## WHAT YOU HAVE TO DO
Reproduce only the lines of the material below that start at the line containing "2.92)], close=True, dxfattribs=at)" and stop at the line containing "(2.78, 0.5), (0.5, 0.5)], close=True, dxfattribs=at)". Keep both end lines.

----- MATERIAL FOR THIS EXERCISE -----

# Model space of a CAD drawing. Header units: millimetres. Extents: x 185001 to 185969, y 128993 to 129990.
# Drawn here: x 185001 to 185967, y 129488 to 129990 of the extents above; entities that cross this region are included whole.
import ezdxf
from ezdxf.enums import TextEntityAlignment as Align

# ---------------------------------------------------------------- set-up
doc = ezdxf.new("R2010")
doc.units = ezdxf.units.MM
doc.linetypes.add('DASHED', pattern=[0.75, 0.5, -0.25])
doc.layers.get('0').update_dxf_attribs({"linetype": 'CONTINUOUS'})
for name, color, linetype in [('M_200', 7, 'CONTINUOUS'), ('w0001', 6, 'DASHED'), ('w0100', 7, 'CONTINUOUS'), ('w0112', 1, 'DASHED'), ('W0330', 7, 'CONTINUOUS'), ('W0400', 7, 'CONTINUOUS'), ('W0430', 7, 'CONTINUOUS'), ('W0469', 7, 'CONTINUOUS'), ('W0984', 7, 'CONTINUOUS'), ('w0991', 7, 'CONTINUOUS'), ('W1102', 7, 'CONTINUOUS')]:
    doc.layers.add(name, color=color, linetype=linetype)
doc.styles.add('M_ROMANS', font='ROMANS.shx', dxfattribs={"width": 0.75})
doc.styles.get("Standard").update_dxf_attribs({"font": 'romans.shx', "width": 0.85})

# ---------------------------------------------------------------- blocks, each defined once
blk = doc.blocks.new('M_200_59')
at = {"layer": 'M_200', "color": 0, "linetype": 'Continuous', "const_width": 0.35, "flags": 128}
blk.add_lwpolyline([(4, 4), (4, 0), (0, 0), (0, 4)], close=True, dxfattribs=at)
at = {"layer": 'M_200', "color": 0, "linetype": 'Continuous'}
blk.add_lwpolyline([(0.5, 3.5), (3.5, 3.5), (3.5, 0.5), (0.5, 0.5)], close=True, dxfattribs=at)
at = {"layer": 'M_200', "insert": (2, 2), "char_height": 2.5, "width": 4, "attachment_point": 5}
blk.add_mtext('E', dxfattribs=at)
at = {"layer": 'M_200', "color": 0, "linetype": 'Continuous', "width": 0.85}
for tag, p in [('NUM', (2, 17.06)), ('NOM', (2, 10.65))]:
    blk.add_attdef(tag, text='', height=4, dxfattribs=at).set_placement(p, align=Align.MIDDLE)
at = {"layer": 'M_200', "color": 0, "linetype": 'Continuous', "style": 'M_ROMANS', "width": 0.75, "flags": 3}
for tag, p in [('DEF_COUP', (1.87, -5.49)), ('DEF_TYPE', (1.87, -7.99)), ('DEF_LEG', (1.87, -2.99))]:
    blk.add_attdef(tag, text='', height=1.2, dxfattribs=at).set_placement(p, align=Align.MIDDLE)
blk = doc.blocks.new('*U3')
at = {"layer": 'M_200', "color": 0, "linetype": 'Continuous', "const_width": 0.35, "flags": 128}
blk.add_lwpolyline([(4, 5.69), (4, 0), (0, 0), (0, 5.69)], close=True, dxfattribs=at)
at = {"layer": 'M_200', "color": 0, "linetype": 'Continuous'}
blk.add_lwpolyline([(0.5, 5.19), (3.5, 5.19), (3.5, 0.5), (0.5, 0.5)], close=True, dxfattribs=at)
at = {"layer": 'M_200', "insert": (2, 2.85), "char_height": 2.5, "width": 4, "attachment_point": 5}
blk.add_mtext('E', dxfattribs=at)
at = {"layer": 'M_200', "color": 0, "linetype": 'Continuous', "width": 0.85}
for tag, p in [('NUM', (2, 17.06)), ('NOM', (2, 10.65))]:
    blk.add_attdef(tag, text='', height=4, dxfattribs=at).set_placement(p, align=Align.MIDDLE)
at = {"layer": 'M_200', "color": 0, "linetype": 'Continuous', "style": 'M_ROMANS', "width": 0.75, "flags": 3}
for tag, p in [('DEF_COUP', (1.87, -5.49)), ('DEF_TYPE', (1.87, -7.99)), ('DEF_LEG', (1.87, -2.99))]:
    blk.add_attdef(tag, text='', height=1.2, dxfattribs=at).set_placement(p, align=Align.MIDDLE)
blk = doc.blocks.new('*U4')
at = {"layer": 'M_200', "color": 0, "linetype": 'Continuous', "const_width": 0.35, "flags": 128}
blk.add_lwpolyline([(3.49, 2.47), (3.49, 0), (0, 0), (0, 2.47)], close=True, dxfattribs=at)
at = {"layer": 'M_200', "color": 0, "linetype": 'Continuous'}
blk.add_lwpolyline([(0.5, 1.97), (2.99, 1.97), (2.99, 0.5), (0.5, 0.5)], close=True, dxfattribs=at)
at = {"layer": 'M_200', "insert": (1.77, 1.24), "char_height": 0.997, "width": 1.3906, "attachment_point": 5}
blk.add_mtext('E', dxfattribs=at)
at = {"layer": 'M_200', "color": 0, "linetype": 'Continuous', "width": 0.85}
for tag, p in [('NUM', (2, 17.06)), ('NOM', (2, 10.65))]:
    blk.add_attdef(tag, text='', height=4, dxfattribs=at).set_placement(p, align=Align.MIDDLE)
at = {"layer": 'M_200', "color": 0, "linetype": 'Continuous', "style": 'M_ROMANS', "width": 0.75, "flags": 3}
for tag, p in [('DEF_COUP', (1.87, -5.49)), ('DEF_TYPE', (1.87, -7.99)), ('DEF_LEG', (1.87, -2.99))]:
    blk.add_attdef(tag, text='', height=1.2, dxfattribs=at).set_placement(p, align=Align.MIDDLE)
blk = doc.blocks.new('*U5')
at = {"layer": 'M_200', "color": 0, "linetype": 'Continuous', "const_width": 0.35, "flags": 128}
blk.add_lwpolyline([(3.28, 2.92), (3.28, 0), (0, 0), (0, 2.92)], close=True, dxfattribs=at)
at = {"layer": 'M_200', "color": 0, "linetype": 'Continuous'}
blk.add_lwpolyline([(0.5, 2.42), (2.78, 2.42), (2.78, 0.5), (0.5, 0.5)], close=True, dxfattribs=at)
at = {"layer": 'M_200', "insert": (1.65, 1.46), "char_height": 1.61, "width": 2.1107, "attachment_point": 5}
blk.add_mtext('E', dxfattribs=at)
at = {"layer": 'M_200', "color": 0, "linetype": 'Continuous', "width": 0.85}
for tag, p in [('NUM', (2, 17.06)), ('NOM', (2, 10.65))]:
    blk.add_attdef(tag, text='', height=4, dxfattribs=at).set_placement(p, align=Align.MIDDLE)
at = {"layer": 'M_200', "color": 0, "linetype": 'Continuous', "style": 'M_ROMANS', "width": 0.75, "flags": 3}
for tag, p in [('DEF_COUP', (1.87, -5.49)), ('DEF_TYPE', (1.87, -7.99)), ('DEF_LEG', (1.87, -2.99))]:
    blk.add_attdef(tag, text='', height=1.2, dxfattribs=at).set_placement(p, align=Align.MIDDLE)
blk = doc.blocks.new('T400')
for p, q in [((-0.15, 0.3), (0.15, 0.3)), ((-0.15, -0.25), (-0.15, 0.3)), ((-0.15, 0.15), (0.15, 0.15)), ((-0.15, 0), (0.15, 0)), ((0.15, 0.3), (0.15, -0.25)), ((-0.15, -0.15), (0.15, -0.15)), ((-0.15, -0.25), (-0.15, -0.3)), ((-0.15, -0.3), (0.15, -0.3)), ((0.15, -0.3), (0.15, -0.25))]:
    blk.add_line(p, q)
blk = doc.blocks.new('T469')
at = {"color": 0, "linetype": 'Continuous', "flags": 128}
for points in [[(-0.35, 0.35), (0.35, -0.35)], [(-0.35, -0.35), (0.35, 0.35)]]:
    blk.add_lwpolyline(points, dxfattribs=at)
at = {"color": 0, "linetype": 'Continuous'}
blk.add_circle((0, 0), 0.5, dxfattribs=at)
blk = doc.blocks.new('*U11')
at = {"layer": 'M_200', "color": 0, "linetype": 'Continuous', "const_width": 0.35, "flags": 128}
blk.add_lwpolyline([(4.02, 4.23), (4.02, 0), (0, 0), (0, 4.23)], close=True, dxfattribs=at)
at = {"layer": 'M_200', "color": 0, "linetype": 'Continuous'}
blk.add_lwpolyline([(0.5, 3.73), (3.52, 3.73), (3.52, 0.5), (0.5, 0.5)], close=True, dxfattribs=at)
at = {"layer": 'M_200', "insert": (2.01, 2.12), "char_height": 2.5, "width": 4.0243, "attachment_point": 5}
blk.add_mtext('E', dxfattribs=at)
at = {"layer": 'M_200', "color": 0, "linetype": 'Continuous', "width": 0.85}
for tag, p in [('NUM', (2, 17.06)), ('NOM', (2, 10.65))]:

-----

## ANSWER TO THIS EXERCISE
blk.add_lwpolyline([(3.28, 2.92), (3.28, 0), (0, 0), (0, 2.92)], close=True, dxfattribs=at)
at = {"layer": 'M_200', "color": 0, "linetype": 'Continuous'}
blk.add_lwpolyline([(0.5, 2.42), (2.78, 2.42), (2.78, 0.5), (0.5, 0.5)], close=True, dxfattribs=at)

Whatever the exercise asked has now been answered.